- _Try it_:
Where a line contains the word "import", copy that line from the records below.

- _The input_:
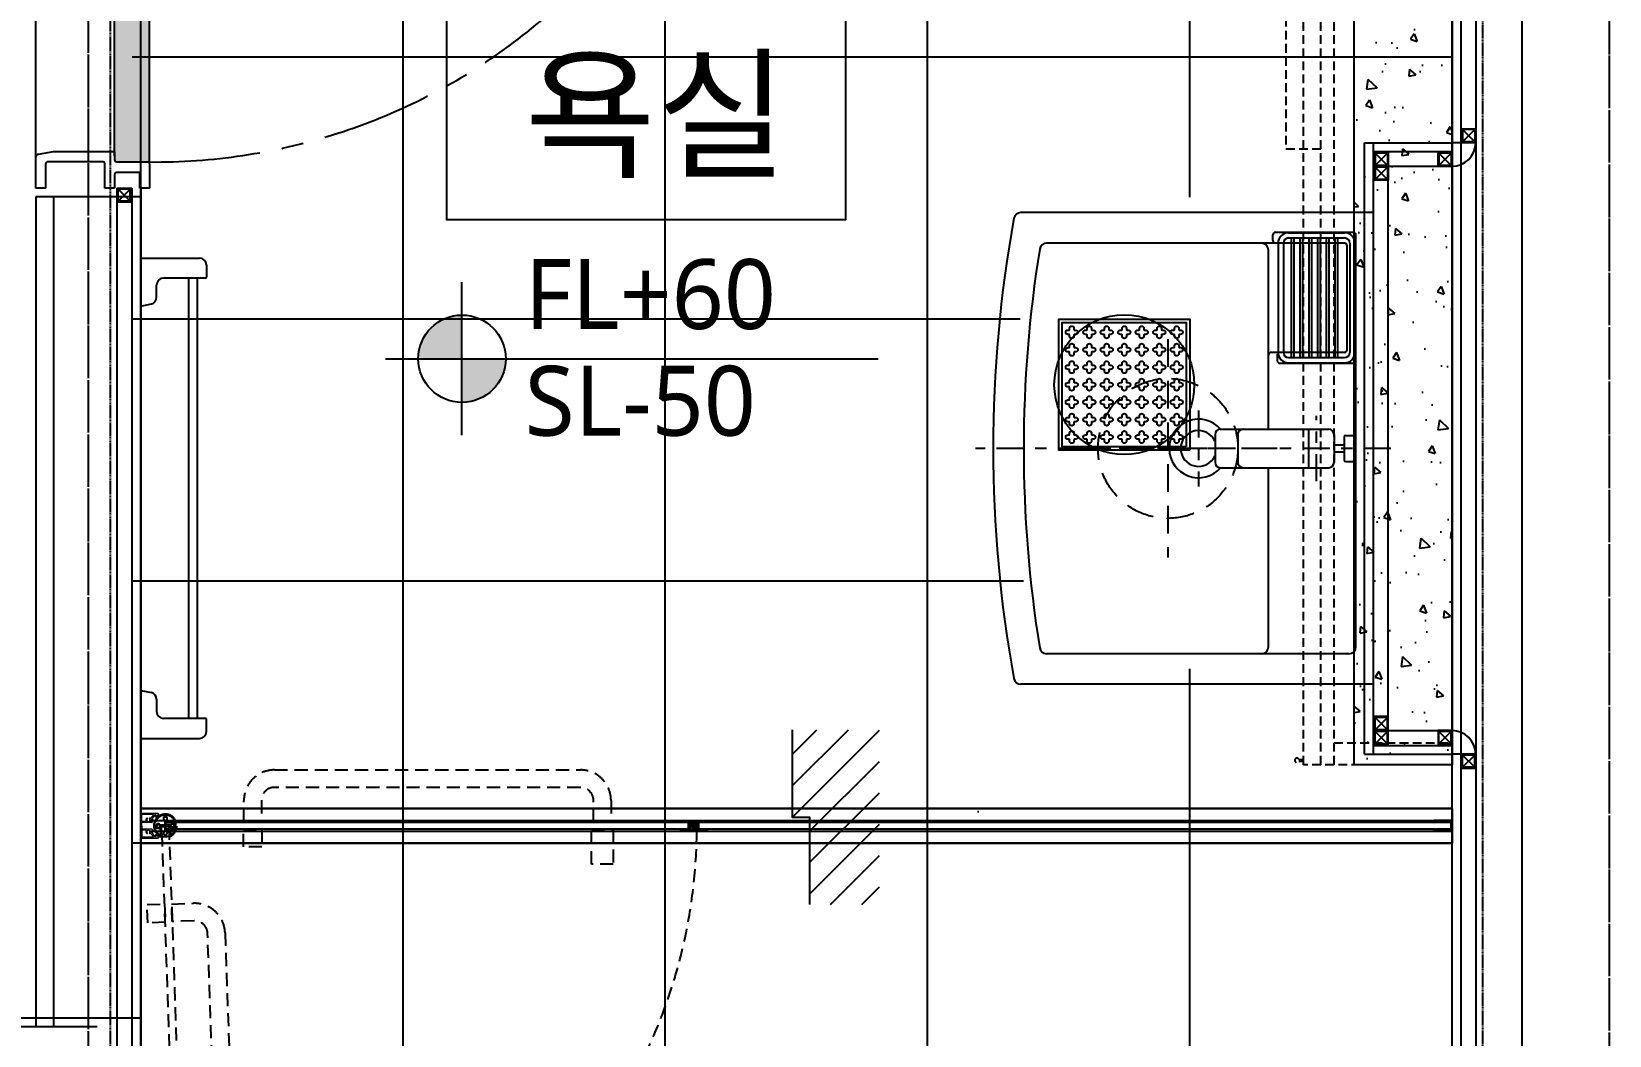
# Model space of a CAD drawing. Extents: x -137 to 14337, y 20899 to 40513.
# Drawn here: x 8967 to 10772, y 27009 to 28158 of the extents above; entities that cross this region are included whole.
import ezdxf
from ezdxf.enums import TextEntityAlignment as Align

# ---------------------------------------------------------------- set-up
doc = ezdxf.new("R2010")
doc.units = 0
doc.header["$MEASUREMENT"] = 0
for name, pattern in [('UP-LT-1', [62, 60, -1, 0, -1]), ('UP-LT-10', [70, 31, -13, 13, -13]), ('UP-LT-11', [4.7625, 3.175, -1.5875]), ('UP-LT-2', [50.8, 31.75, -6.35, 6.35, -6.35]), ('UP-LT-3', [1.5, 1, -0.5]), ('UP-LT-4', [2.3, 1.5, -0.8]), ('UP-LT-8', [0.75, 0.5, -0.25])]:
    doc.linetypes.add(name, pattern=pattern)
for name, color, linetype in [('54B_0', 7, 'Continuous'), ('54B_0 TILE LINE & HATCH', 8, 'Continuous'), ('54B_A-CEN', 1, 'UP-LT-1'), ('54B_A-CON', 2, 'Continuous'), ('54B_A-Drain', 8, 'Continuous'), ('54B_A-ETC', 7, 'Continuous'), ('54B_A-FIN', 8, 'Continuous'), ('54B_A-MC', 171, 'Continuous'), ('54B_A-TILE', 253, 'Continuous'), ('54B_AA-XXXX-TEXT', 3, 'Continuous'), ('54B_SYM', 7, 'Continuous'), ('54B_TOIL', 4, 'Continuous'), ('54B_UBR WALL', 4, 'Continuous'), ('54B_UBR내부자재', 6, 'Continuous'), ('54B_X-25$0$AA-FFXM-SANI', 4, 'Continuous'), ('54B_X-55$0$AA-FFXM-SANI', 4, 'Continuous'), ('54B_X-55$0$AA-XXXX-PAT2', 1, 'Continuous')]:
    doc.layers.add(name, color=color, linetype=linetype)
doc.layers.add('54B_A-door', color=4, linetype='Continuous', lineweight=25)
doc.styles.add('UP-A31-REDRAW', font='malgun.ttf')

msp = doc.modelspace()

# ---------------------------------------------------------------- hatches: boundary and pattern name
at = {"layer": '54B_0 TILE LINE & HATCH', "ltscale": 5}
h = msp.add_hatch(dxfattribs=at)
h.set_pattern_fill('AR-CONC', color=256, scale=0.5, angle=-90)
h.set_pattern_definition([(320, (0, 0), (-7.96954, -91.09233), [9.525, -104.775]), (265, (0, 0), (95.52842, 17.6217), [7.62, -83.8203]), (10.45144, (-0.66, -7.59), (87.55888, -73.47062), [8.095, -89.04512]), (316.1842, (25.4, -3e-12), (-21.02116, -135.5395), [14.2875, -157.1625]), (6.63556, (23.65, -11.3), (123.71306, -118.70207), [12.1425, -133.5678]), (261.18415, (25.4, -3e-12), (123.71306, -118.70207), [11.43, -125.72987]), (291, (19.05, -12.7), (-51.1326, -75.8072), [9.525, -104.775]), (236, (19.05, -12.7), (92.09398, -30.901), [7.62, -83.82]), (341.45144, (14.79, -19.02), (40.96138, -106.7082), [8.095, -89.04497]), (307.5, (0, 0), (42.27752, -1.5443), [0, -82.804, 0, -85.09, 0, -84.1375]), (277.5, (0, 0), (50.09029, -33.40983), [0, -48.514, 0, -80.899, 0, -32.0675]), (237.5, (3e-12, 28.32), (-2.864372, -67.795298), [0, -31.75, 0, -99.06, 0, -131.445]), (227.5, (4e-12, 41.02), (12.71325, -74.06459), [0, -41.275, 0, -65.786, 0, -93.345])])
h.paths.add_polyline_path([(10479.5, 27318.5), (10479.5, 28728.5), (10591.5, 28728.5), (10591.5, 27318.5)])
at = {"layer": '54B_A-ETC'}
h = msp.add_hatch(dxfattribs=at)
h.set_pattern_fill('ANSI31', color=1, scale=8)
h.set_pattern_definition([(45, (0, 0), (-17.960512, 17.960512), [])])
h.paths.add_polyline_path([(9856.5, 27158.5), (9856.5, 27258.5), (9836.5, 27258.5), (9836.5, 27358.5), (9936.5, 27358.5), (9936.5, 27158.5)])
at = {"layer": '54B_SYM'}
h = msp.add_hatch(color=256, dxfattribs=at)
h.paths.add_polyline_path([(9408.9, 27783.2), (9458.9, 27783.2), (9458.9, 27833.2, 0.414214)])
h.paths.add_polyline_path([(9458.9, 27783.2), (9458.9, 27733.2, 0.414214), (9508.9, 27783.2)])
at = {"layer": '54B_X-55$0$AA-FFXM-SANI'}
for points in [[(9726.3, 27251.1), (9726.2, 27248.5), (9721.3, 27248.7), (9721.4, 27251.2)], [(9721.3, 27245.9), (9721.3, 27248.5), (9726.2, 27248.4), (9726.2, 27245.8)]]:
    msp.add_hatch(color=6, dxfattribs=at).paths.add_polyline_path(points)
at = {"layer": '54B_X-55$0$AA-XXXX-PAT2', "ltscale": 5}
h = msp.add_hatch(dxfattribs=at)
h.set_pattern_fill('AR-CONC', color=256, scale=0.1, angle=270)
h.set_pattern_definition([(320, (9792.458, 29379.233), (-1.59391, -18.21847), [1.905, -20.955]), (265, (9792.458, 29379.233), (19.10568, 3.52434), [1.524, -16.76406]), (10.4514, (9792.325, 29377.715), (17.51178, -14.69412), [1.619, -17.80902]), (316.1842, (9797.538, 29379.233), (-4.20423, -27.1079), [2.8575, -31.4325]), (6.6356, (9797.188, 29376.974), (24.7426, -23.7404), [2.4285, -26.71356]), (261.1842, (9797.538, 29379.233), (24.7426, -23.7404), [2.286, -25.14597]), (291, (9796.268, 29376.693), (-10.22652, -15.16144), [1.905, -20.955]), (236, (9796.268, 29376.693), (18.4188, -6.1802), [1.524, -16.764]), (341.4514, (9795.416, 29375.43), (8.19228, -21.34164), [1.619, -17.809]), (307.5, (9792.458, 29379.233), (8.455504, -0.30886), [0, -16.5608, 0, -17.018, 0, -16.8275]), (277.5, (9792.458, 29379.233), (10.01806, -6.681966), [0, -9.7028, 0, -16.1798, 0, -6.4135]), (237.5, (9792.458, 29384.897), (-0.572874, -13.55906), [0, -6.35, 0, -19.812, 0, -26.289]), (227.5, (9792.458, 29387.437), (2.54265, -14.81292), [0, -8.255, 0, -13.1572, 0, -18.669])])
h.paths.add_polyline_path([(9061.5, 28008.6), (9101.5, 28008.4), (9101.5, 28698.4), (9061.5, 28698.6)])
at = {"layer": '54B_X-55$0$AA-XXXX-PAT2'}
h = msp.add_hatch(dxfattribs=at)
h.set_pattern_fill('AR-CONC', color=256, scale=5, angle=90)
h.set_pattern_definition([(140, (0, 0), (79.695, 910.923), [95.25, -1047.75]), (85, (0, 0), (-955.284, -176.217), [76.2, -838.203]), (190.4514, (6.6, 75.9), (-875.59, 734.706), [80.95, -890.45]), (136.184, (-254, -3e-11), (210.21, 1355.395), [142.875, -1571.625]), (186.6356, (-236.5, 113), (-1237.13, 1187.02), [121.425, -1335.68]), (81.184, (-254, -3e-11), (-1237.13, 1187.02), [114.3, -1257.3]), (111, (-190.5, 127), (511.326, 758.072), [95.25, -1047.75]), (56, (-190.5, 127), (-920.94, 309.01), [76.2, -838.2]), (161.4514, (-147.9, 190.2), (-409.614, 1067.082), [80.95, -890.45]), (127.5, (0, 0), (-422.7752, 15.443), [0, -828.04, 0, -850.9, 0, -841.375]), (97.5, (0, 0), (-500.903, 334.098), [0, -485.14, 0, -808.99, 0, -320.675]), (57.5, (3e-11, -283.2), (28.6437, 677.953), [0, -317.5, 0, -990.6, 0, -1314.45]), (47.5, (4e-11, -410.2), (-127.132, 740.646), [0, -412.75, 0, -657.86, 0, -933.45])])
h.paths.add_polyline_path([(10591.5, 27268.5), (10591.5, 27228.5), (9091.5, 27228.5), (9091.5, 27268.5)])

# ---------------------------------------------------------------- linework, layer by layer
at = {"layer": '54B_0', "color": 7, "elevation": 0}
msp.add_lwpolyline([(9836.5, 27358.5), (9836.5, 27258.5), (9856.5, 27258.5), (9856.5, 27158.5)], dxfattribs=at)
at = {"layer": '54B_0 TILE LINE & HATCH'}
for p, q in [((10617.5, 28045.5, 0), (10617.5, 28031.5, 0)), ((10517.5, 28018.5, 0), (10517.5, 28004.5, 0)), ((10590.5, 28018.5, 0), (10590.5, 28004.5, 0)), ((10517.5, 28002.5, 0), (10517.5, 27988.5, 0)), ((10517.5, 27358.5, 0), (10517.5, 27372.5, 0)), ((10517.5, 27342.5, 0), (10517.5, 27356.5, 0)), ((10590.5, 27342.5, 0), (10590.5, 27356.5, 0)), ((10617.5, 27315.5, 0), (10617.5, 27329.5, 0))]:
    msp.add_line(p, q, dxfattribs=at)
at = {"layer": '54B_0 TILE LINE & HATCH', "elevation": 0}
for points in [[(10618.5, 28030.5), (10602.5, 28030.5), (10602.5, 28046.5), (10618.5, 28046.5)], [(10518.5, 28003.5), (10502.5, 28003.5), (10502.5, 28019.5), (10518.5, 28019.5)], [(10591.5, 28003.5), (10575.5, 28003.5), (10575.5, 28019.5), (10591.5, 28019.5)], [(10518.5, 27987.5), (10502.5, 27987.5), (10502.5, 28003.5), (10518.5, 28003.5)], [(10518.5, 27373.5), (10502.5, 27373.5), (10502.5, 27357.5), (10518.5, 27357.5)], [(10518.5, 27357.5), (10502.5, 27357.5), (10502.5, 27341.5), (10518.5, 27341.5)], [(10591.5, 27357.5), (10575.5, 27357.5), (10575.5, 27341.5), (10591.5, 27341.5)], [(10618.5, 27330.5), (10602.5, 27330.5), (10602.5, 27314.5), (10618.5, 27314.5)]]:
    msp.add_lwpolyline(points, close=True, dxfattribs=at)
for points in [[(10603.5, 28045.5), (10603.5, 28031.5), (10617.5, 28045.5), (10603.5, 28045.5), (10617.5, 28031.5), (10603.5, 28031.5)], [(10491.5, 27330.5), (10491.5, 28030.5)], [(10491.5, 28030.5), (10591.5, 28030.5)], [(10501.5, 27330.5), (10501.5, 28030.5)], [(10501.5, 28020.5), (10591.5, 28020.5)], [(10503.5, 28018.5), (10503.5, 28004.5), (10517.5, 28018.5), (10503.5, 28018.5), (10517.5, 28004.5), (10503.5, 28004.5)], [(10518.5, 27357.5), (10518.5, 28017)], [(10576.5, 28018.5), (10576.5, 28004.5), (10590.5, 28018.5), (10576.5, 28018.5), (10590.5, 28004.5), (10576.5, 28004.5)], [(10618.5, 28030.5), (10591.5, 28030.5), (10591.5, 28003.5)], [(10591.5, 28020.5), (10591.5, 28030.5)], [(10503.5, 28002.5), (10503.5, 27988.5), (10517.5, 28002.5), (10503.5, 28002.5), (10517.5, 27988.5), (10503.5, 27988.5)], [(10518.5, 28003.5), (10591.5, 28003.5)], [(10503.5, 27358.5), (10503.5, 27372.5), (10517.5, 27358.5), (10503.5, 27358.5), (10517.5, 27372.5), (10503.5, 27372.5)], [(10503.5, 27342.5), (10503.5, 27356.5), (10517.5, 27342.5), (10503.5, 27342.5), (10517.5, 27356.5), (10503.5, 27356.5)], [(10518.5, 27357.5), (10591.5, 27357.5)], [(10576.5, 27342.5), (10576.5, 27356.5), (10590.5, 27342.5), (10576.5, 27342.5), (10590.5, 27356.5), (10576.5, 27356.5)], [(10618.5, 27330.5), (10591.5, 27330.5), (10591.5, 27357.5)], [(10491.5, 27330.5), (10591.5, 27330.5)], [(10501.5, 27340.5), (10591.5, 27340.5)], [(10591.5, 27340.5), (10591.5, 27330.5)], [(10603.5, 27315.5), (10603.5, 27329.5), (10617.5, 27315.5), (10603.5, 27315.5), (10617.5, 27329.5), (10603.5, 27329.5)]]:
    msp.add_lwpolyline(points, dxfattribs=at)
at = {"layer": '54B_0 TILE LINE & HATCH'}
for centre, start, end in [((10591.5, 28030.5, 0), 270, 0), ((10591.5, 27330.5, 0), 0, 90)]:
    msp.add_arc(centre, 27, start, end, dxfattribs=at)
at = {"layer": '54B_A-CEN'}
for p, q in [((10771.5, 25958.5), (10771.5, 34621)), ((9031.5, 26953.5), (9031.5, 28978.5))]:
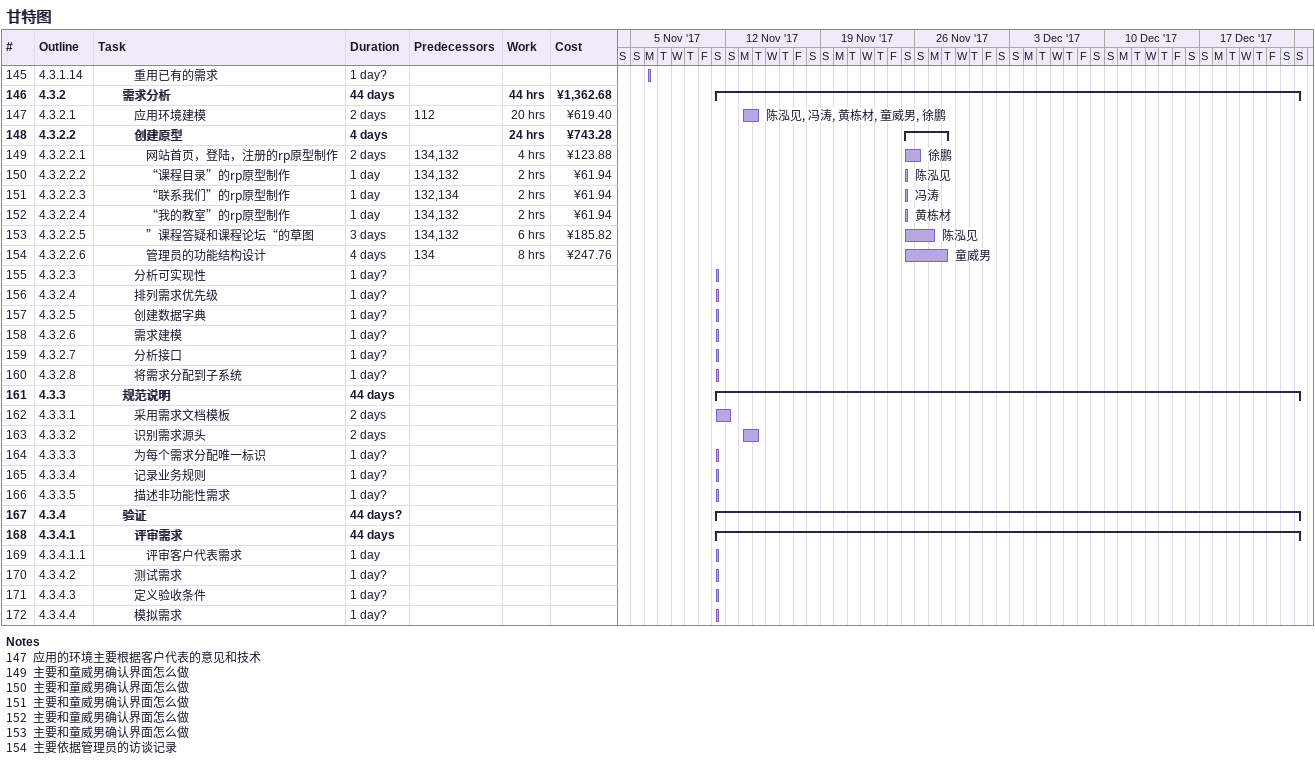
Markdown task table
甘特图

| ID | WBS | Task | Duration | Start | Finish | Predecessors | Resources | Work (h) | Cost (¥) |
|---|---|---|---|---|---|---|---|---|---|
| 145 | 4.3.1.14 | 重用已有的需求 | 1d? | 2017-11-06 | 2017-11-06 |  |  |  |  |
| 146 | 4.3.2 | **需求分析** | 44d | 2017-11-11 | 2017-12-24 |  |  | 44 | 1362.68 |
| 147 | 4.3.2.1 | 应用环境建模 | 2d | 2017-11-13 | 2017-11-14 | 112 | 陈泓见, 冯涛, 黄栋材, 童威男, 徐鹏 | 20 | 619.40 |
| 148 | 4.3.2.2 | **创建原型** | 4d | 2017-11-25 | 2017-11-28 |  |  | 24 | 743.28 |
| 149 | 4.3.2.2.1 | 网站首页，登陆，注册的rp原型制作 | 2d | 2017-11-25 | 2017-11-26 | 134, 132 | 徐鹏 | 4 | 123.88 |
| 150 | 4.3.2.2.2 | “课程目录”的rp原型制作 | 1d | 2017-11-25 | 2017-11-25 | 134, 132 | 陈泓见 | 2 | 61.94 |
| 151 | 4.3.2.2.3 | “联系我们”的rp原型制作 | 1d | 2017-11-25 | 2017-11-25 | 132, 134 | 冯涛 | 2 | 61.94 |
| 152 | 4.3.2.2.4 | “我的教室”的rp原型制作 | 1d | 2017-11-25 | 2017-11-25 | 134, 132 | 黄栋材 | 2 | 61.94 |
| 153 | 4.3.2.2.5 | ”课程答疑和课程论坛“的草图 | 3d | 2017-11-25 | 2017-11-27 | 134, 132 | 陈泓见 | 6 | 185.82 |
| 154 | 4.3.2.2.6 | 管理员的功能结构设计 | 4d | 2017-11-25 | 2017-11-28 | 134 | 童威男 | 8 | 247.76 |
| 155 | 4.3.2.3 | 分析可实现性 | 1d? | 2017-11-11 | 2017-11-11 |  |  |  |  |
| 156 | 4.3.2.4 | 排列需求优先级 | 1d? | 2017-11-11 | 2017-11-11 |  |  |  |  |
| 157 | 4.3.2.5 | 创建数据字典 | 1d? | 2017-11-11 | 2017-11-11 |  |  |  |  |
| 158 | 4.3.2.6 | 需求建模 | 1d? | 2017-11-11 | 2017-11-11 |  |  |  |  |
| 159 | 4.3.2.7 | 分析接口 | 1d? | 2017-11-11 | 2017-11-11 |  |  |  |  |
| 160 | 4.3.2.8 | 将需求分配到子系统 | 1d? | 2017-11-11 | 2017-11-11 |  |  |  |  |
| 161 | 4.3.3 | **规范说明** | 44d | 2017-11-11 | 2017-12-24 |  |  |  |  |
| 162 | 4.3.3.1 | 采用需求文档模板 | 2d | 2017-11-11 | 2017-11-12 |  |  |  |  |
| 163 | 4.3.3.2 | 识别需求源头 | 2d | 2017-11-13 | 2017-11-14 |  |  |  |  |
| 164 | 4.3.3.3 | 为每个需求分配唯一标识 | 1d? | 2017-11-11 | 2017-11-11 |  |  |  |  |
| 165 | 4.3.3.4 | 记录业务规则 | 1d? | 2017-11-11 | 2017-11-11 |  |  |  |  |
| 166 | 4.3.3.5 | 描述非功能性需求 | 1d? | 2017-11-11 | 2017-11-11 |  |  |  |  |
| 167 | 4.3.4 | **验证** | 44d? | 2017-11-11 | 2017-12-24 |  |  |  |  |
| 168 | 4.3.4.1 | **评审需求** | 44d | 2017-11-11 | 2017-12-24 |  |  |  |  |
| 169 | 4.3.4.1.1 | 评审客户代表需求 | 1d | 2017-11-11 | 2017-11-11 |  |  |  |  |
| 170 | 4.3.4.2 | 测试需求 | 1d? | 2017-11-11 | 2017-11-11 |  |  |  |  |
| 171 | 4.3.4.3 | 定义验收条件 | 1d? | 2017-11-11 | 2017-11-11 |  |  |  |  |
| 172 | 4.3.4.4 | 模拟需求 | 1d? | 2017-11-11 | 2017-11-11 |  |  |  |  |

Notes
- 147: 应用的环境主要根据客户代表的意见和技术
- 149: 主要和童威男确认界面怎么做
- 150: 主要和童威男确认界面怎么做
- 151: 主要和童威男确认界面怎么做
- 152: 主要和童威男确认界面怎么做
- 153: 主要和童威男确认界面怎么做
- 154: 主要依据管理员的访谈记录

- _Answer box_:
import ezdxf
from ezdxf.enums import TextEntityAlignment as Align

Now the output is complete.